# [REQUIRED WORK]
Among the entries below, how many lines contain the string "fillet"? Only the number is wanted.

# [AVAILABLE RECORDS]
>>>>>

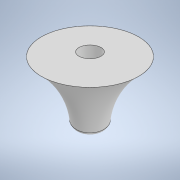
# Autodesk Inventor part: knob_bottom
Saved by Autodesk Inventor 2022 (Build 260153000, 153)
## iProperties
Created: 2022-06-07
Part Number: knob_bottom
Material: Generic
Document SubType Name: Modeling
Designer: Jacob
Density: 1 g/cm^3
Appearance: Default
Author: Jacob
Autodesk Inventor part; units mm, degrees
ref_plane "YZ Plane" through (0, 0, 0) normal (1, 0, 0) x (0, 1, 0)
ref_plane "XZ Plane" through (0, 0, 0) normal (0, 1, 0) x (-1, 0, 0)
ref_plane "XY Plane" through (0, 0, 0) normal (0, 0, 1) x (1, 0, 0)
sketch "Sketch1" plane through (0, 0, 0) normal (0, 0, 1) x (1, 0, 0)
  line L0 (0, 0) -> (0, 7.8365) construction
  line L1 (1.275, 0) -> (3.775, 0)
  line L2 (1.275, 0) -> (1.275, 8)
  line L3 (1.275, 8) -> (2.3, 8)
  line L4 (2.3, 8) -> (2.3, 15)
  line L5 (2.3, 15) -> (10, 15)
  arc A0 (10, 15) -> (3.775, 0) centre (24.9598, 0) ccw
  dimension "d0" = 1.275
  dimension "d1" = 15
  dimension "d2" = 8
  dimension "d3" = 2.3
  dimension "d4" = 10
  dimension "d5" = 2.5
  constraints: 12 end point, 2 horizontal, 2 perpendicular, 2 point on circle, 2 vertical, 1 centre point, 1 line through centre, 1 point on line
  measures "d0" distance between parallel lines of L0 L2
  measures "d1" distance between parallel lines of L5 L1
  measures "d2" distance of L1.start L2.end
  measures "d3" distance between parallel lines of L0 L4
  measures "d4" distance from line of L0 L5.end
  measures "d5" distance of L1.start L1.end
revolve "Revolution1" add sketch "Sketch1" angle 360 about axis through (0, 0, 0) along (0, 1, 0)
fillet "Fillet1" radius 1 1 edges at (-3.775, 0, 0)
sketch "Sketch2" plane through (0, 15, 0) normal (0, 1, 0) x (1, 0, 0)
  circle A0 centre (0, 0) radius 2.3 projected
  circle A1 centre (0, 0) radius 10 projected
body "Solid1"
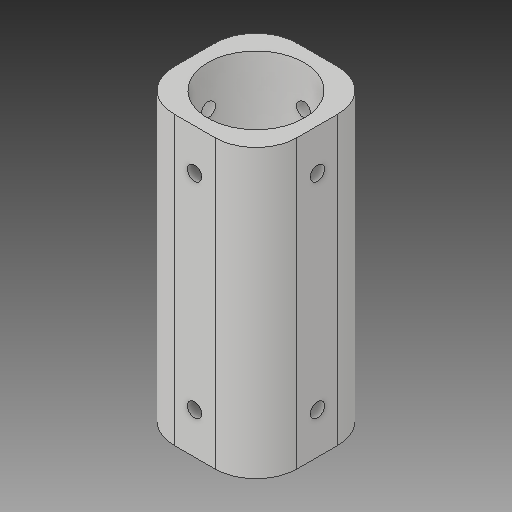
# Autodesk Inventor part: Rod_Joint_v2
Saved by Autodesk Inventor 2019 (Build 230136000, 136)
## iProperties
Created: 2020-01-25
Part Number: Rod_Joint_v2
Material: Generic
Document SubType Name: Modeling
Designer: Next
Density: 1 g/cm^3
Appearance: Default
Author: Next
## iProperties of the stored document Rod_Joint_v2_3DPrint.ipt
Created: 2020-01-26
Part Number: Rod_Joint_v2_3DPrint
Material: Generic
Document SubType Name: Modeling
Designer: Next
Density: 1 g/cm^3
Appearance: Default
Author: Next
Autodesk Inventor part; units mm, degrees
ref_plane "YZ Plane" through (0, 0, 0) normal (1, 0, 0) x (0, 1, 0)
ref_plane "XZ Plane" through (0, 0, 0) normal (0, 1, 0) x (-1, 0, 0)
ref_plane "XY Plane" through (0, 0, 0) normal (0, 0, 1) x (1, 0, 0)
sketch "Sketch1" plane through (0, 0, 0) normal (0, 1, 0) x (-1, 0, 0)
  line L0 (0, 0) -> (-30, 0)
  line L1 (-30, 0) -> (-30, -30)
  line L2 (-30, -30) -> (0, -30)
  line L3 (0, -30) -> (0, 0)
  dimension "d0" = 30
  dimension "d1" = 30
  constraints: 8 end point, 2 parallel, 1 horizontal, 1 perpendicular
  measures "d0" distance of L2.end L1.end
  measures "d1" distance of L1.end L0.end
extrude "Extrusion1" add sketch "Sketch1" along normal blind 70
sketch "Sketch2" plane through (0, 70, 0) normal (0, 1, 0) x (1, 0, 0)
  line L0 (0, 30) -> (0, 0) construction
  line L1 (0, 0) -> (30, 0) construction
  line L2 (0, 30) -> (30, 0) construction
  circle A0 centre (15, 15) radius 11.75
  dimension "d4" = 23.5
  constraints: 2 end point, 1 centre point, 1 midpoint
  measures "d4" diameter of A0
extrude "Extrusion2" cut sketch "Sketch2" against normal blind 30
sketch "Sketch3" plane through (0, 0, 0) normal (0, -1, 0) x (1, 0, 0)
  line L0 (30, -30) -> (0, -30) construction
  line L1 (30, -30) -> (0, 0) construction
  circle A0 centre (15, -15) radius 11.75
  dimension "d7" = 23.5
  constraints: 2 end point, 1 centre point, 1 midpoint
  measures "d7" diameter of A0
extrude "Extrusion3" cut sketch "Sketch3" against normal blind 30
sketch "Sketch4" plane through (0, 0, 0) normal (0, 0, 1) x (1, 0, 0)
  circle A0 centre (15, 60) radius 1.75
  line L0 (0, 70) -> (30, 70) projected
  circle A1 centre (15, 10) radius 1.75
  line L1 (0, 0) -> (30, 0) projected
  dimension "d10" = 3.5
  dimension "d11" = 10
  dimension "d12" = 3.5
  dimension "d13" = 10
  constraints: 2 centre point
  measures "d10" diameter of A0
  measures "d11" distance from line of A0.centre L0
  measures "d12" diameter of A1
  measures "d13" distance from line of L1 A1.centre
extrude "Extrusion4" cut sketch "Sketch4" against normal blind 32
sketch "Sketch5" plane through (0, 0, -30) normal (-1, 0, 0) x (0, 0, 1)
  circle A0 centre (15, 60) radius 1.75
  circle A1 centre (15, 10) radius 1.75
  line L0 (0, 70) -> (30, 70) projected
  line L1 (0, 0) -> (30, 0) projected
  dimension "d16" = 3.5
  dimension "d17" = 3.5
  dimension "d18" = 10
  dimension "d19" = 10
  constraints: 2 centre point
  measures "d16" diameter of A0
  measures "d17" diameter of A1
  measures "d18" distance from line of L0 A0.centre
  measures "d19" distance from line of L1 A1.centre
extrude "Extrusion5" cut sketch "Sketch5" against normal blind 32
fillet "Fillet1" radius 10 4 edges at (30, 35, 0) (30, 35, -30) (0, 35, -30) (0, 35, 0)
body "Solid1"
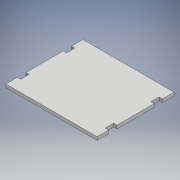
# Autodesk Inventor part: TAPA_CAJA
Saved by Autodesk Inventor 2018 (Build 220112000, 112)
## iProperties
Created: 2018-03-07
Part Number: TAPA_CAJA
Material: Generic
Document SubType Name: Modeling
Designer: isai
Density: 1 g/cm^3
Appearance: Default
Author: isai
Autodesk Inventor part; units mm, degrees
ref_plane "YZ Plane" through (0, 0, 0) normal (1, 0, 0) x (0, 1, 0)
ref_plane "XZ Plane" through (0, 0, 0) normal (0, 1, 0) x (-1, 0, 0)
ref_plane "XY Plane" through (0, 0, 0) normal (0, 0, 1) x (1, 0, 0)
sketch "Sketch1" plane through (0, 0, 0) normal (0, 0, 1) x (1, 0, 0)
  line L0 (0, -24) -> (0, -14)
  line L1 (4, -14) -> (4, -24)
  line L2 (0, -79) -> (0, -69)
  line L3 (4, -69) -> (4, -79)
  line L4 (0, -69) -> (4, -69)
  line L5 (0, -79) -> (4, -79)
  line L6 (106, -79) -> (106, -69)
  line L7 (110, -69) -> (110, -79)
  line L8 (110, -14) -> (106, -14)
  line L9 (110, -24) -> (106, -24)
  line L10 (106, -24) -> (106, -14)
  line L11 (110, -14) -> (110, -24)
  line L12 (0, 0) -> (110, 0)
  line L13 (110, 0) -> (110, -93)
  line L14 (110, -93) -> (0, -93)
  line L15 (0, -93) -> (0, 0)
  line L16 (4, -14) -> (0, -14)
  line L17 (0, -14) -> (0, -24)
  line L18 (0, -24) -> (4, -24)
  line L19 (4, -24) -> (4, -14)
  line L20 (106, -69) -> (110, -69)
  line L21 (110, -69) -> (110, -79)
  line L22 (110, -79) -> (106, -79)
  line L23 (106, -79) -> (106, -69)
  constraints: 48 end point, 6 parallel, 3 horizontal, 3 perpendicular
extrude "Extrusion1" add sketch "Sketch1" along normal blind 4 contours L18 L1 L16 L15 L12 L13 L8 L10 L9 L20 L6 L22 L14 L5 L3 L4
body "Solid1"

<<<<<

# [WRITTEN SOLUTION]
2